RNA-mediated epigenetic modifications of an endogenous gene targeted by a viral vector: a potent gene silencing system to produce a plant that does not carry a transgene but has altered traits.

Nucleotide-sequence-specific interactions mediated by double-stranded RNA (dsRNA) can induce gene silencing. Gene silencing through transcriptional repression can be induced by dsRNA targeted to a gene promoter. However, until recently, no plant has been produced that harbors an endogenous gene that remains silenced in the absence of promoter-targeting dsRNA. We have reported for the first time that transcriptional gene silencing can be induced by targeting dsRNA to the endogenous gene promoters in petunia and tomato plants, using a Cucumber mosaic virus (CMV)-based vector and that the induced gene silencing is heritable. Efficient silencing depended on the function of the 2b protein encoded in the vector, which facilitates epigenetic modifications through the transport of short interfering RNA (siRNA) to the nucleus. Here we show that gene silencing that is mediated by targeting dsRNA to a gene promoter via the CMV vector can be as strong as co-suppression in terms of both the extent of mRNA decrease and phenotypic changes.
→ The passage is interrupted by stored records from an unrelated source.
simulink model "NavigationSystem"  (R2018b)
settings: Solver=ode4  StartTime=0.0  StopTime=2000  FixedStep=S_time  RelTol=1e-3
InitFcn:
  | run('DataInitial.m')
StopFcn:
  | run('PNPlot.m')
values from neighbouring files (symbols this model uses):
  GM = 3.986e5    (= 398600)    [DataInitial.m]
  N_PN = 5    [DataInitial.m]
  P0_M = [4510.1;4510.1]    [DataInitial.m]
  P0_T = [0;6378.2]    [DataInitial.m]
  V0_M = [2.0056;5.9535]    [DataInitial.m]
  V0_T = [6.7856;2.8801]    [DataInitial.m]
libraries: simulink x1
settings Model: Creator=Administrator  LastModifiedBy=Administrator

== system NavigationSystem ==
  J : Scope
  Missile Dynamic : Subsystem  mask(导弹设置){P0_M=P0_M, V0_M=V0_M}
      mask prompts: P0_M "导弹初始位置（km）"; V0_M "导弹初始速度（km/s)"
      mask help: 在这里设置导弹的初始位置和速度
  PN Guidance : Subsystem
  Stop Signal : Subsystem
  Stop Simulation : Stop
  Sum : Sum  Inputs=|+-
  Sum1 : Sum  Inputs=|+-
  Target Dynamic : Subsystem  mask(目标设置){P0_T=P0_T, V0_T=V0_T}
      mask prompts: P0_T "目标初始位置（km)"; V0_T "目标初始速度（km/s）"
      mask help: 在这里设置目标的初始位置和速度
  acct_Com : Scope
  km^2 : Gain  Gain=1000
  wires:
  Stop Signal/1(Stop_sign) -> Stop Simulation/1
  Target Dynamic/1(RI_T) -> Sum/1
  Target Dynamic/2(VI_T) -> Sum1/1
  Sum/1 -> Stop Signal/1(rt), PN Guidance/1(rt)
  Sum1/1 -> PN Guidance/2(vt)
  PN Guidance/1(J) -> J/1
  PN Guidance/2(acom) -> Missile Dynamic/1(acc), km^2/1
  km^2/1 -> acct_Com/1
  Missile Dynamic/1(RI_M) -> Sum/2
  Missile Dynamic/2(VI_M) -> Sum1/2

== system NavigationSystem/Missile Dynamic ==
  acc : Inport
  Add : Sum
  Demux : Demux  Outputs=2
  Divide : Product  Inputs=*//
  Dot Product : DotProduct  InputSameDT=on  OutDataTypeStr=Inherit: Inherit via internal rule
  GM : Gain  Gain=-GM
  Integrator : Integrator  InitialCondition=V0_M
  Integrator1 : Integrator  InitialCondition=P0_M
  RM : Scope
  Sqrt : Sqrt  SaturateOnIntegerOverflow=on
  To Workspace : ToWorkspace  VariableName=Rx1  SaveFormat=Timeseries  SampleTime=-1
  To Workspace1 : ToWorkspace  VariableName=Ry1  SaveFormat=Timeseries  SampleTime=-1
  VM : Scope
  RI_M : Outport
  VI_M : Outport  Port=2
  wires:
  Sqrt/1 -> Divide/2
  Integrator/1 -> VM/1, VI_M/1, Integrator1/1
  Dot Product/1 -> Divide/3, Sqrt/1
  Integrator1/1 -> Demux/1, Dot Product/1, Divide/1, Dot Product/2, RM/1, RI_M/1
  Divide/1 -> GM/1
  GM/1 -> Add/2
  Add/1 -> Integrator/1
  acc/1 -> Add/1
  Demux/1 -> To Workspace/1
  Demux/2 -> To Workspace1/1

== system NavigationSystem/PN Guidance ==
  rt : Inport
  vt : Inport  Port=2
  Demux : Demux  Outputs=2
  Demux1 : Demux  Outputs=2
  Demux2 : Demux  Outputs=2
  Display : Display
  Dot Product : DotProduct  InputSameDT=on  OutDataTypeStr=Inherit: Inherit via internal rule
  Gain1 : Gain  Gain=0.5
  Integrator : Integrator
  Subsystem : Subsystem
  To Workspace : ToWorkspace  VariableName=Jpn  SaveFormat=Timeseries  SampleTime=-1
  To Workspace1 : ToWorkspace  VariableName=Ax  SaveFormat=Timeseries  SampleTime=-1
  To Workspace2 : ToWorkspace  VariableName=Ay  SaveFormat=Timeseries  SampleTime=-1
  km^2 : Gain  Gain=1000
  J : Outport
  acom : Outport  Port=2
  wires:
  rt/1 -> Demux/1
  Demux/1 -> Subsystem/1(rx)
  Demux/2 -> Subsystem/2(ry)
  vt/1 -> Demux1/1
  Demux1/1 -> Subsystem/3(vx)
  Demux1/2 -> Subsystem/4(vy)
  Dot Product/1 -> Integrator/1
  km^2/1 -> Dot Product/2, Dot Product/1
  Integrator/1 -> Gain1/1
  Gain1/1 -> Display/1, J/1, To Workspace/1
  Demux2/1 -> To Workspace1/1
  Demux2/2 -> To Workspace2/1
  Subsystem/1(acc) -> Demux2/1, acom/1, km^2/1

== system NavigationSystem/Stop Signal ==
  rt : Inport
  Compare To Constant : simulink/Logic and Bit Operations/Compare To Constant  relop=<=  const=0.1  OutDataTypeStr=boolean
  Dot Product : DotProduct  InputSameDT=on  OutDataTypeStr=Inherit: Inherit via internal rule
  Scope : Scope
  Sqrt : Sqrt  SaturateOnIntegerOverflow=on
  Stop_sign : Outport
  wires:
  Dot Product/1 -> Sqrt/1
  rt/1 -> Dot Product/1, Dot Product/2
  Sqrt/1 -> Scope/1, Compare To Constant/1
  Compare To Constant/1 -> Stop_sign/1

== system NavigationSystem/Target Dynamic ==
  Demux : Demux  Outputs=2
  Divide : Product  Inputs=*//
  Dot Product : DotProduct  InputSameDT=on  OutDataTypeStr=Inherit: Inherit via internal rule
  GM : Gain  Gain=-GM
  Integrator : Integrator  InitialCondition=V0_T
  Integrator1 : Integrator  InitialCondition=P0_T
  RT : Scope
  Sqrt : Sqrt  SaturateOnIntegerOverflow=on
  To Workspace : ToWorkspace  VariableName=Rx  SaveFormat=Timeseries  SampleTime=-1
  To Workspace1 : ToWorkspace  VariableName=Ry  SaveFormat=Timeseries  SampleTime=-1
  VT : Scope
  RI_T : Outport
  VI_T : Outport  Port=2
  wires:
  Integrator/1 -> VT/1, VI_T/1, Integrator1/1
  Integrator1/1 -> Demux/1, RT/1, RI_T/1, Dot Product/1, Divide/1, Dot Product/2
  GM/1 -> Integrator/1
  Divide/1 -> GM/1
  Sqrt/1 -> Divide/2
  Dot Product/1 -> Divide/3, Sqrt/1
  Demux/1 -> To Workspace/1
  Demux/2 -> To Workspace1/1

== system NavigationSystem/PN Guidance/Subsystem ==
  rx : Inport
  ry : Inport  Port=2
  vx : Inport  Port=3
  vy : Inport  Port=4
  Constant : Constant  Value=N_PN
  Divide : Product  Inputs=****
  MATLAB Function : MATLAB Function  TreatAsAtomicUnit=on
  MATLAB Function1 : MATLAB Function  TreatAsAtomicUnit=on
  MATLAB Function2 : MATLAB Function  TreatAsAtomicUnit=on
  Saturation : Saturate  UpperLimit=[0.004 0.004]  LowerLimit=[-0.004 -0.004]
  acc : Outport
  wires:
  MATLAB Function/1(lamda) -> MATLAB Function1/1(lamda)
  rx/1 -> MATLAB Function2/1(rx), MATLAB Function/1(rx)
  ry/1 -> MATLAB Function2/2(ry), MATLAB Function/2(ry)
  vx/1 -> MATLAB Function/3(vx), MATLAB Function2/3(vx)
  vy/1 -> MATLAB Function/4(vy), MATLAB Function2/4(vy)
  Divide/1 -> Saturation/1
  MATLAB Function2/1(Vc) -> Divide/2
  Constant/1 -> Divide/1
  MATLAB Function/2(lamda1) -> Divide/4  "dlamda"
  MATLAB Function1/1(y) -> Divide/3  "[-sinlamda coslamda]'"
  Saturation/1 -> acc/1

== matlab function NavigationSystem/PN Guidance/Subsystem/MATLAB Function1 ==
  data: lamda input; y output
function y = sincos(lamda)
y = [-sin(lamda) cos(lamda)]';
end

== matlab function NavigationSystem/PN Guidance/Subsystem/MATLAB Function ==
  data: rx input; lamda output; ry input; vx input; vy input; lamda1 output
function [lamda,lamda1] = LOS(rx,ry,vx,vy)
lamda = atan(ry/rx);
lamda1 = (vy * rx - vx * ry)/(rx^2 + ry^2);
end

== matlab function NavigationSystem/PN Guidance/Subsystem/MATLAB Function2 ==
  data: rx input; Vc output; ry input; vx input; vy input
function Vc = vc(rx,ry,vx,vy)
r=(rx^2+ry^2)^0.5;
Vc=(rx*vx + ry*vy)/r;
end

We also show that the expression of genes involved in RNA-directed DNA methylation and in demethylation are upregulated and downregulated, respectively, in Arabidopsis plants infected with CMV. Thus, along with the function of the 2b protein, that transports siRNA to the nucleus, the promoter-targeted silencing system using the CMV vector has some property that facilitates heritable epigenetic changes on endogenous genes, enabling the production of a novel class of modified plants that do not have a transgene.